W.E.B. Du Bois was born on February 23, 1868 and died on August 27, 1963 at the age of 95 and his political/academic career spanned nearly seventy years, hundreds of books and articles and every major African-American social movement of the early 20th Century from the Niagara Movement to the Haarlem Renaissance to the NAACP to the Communist Party and beyond.  In 1895, he was the first black man to gain a PhD from Harvard and spent most of his life as an academic and/or newspaper editor.

During his long life, at one time or another, he embraced just about every attempt at bringing systemic racism to an end: from integration to black separatism to international communism to Third World internationalism and solidarity, visiting both China and the Soviet Union before living out his last days in Ghana in close collaboration with the revolutionary president Kwame Nkrumah.  Even in the 1920s he was organizing international conferences in an effort to unify the anti-colonial movements in Africa with the liberation struggle of African Americans.  He joined the Communist Party USA in 1961 at the age of 93, writing: “I believe in Communism.  I mean by Communism, a planned way of life in the production of wealth and work designed for building a state whose object is the highest welfare of its people and not merely the profit of a part.”

On the day after he died in Accra, Ghana, the celebrated March on Washington took place on August 28 1963.  Speaker Roy Wilkins asked the hundreds of thousands of marchers to give a moment of silence for Du Bois, honoring the man who had stood in vocal and active defiance against a racist society for nearly a century…a society that had tried hard to shut him up, but failed time and again. 

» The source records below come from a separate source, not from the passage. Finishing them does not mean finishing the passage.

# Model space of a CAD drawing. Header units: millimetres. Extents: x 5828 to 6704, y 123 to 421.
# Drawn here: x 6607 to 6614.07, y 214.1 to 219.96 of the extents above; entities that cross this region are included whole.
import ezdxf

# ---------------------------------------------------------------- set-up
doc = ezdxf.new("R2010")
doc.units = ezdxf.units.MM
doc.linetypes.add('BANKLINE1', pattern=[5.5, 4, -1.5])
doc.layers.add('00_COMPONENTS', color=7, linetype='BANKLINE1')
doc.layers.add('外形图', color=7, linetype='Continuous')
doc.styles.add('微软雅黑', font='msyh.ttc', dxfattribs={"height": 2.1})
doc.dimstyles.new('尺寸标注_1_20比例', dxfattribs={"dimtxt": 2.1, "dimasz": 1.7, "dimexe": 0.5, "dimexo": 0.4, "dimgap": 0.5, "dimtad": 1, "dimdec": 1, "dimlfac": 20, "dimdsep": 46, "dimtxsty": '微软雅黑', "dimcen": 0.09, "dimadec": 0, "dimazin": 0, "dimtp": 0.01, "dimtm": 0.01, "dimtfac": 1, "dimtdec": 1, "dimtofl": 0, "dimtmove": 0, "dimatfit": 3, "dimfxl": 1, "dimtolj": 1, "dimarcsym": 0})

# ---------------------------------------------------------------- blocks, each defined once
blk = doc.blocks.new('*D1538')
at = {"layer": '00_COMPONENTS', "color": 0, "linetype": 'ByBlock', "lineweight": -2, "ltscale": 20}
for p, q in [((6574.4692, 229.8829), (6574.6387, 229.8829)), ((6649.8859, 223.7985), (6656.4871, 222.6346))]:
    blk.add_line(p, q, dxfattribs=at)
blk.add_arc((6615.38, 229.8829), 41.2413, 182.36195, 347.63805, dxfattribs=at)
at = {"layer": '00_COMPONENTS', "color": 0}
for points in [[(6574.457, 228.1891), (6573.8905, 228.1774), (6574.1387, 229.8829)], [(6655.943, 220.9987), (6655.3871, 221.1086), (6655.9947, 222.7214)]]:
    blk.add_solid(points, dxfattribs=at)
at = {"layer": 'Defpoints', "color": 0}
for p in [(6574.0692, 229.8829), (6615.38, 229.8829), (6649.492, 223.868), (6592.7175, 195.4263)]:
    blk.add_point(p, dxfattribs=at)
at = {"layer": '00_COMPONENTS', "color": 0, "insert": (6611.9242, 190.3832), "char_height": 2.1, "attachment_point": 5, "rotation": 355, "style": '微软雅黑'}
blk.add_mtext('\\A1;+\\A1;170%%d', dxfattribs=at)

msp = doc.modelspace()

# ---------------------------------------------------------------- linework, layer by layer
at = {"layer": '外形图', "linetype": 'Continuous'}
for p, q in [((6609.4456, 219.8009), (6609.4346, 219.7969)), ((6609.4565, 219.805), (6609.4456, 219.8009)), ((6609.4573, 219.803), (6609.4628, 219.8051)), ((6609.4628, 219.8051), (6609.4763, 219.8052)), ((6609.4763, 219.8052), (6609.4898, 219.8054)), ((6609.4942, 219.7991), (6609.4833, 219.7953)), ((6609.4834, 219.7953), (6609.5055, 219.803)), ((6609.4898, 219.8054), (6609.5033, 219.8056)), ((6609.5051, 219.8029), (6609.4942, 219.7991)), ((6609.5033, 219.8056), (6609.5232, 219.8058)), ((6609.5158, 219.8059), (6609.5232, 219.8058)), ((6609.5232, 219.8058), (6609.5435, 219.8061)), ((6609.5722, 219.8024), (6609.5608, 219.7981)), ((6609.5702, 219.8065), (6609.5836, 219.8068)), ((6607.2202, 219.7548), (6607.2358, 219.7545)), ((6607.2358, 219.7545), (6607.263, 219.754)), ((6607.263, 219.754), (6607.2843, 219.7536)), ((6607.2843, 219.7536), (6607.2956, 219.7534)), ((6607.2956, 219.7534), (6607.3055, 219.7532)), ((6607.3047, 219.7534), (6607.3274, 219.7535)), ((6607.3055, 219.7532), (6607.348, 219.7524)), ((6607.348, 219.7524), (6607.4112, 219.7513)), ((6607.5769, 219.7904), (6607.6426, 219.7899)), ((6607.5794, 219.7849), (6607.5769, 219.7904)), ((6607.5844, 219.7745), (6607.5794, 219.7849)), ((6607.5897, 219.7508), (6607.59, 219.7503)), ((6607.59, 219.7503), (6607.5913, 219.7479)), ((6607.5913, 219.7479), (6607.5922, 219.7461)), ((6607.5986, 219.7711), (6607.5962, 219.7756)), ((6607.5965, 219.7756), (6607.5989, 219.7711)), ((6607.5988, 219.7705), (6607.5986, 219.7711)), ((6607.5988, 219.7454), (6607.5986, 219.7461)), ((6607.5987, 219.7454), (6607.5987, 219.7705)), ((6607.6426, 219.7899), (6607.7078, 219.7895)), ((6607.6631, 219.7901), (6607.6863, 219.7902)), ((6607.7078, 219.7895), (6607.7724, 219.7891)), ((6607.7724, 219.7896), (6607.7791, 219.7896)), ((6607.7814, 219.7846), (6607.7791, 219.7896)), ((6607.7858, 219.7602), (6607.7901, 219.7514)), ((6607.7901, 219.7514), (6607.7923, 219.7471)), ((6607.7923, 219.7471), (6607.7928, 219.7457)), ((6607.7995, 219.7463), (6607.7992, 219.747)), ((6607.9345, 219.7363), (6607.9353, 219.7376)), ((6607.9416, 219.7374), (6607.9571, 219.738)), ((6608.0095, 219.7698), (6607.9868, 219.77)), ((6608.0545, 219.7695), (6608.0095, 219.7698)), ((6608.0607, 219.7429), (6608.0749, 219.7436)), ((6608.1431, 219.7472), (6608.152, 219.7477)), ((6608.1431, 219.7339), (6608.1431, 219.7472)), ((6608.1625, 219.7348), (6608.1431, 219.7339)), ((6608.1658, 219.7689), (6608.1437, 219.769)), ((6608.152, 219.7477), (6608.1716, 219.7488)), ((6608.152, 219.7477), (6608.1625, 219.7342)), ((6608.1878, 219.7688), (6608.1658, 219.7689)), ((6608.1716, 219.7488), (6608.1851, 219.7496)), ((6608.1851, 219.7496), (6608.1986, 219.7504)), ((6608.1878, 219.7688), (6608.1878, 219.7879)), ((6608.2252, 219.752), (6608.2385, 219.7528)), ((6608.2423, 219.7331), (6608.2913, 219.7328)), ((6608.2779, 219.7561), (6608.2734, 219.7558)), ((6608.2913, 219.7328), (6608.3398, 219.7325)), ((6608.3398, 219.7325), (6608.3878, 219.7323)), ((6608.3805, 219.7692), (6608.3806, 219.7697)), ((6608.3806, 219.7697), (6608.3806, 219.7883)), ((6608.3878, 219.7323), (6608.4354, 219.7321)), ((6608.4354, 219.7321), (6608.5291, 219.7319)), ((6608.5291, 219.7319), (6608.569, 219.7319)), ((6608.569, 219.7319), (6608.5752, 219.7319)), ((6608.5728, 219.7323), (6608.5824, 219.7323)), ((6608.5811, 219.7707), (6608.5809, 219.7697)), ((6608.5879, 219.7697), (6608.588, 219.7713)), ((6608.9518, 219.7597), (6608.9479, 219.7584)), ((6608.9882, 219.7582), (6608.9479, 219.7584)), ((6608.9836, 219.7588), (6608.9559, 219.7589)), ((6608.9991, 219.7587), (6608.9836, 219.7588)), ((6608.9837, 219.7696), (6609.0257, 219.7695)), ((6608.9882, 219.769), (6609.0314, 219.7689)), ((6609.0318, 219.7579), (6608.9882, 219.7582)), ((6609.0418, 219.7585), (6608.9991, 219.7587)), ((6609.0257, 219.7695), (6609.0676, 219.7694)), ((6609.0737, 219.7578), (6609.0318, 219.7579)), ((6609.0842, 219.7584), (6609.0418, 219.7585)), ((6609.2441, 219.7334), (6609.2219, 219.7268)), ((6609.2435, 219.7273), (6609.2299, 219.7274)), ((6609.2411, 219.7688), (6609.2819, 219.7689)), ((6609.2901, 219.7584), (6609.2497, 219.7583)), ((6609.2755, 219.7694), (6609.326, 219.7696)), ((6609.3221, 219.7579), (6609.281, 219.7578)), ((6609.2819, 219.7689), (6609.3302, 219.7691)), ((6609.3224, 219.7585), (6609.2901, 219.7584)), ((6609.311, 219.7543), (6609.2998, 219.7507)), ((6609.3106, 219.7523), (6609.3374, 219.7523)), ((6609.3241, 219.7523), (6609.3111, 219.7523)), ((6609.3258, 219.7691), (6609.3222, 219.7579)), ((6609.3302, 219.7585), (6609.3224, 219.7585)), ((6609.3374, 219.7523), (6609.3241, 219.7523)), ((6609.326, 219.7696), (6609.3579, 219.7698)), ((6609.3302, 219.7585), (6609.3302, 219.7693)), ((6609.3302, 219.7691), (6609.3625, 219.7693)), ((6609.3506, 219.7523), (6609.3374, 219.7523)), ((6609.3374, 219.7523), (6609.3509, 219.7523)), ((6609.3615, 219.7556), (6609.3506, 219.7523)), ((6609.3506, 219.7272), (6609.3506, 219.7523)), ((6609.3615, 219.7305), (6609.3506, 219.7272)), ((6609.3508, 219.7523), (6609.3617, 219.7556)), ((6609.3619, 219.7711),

Du Bois had come to Ghana to work on the proposed Encyclopedia Africana, a work that would place the history of black people front and center rather than subordinated to white European narratives, but he was destined never to complete it.  On their last meeting, he took Kwame Nkrumah’s hand and thanked him for making it possible for him to finish his life in Africa.  He had only one regret: “I failed you – my strength gave out before I could carry out our plans for the encyclopedia.  Forgive an old man.” Even at 95, Du Bois had wanted to do so much more.  The first president of the Republic of Ghana left the room in tears.

This is how W.E.B. Du Bois lived.  And to do justice to his life, this show would need to be one hundred times as long.  But I hope I’ve demonstrated something about the depth of the black radical tradition and that it is strong enough to win through against the lies, violence and obfuscations that currently fill the North American airwaves and political spaces.  There will only be a future if racism and systems of exploitation that facilitate it are broken down and replaced by the politics and economics of liberation.  Du Bois and so many other black heroes understood that the future is socialism.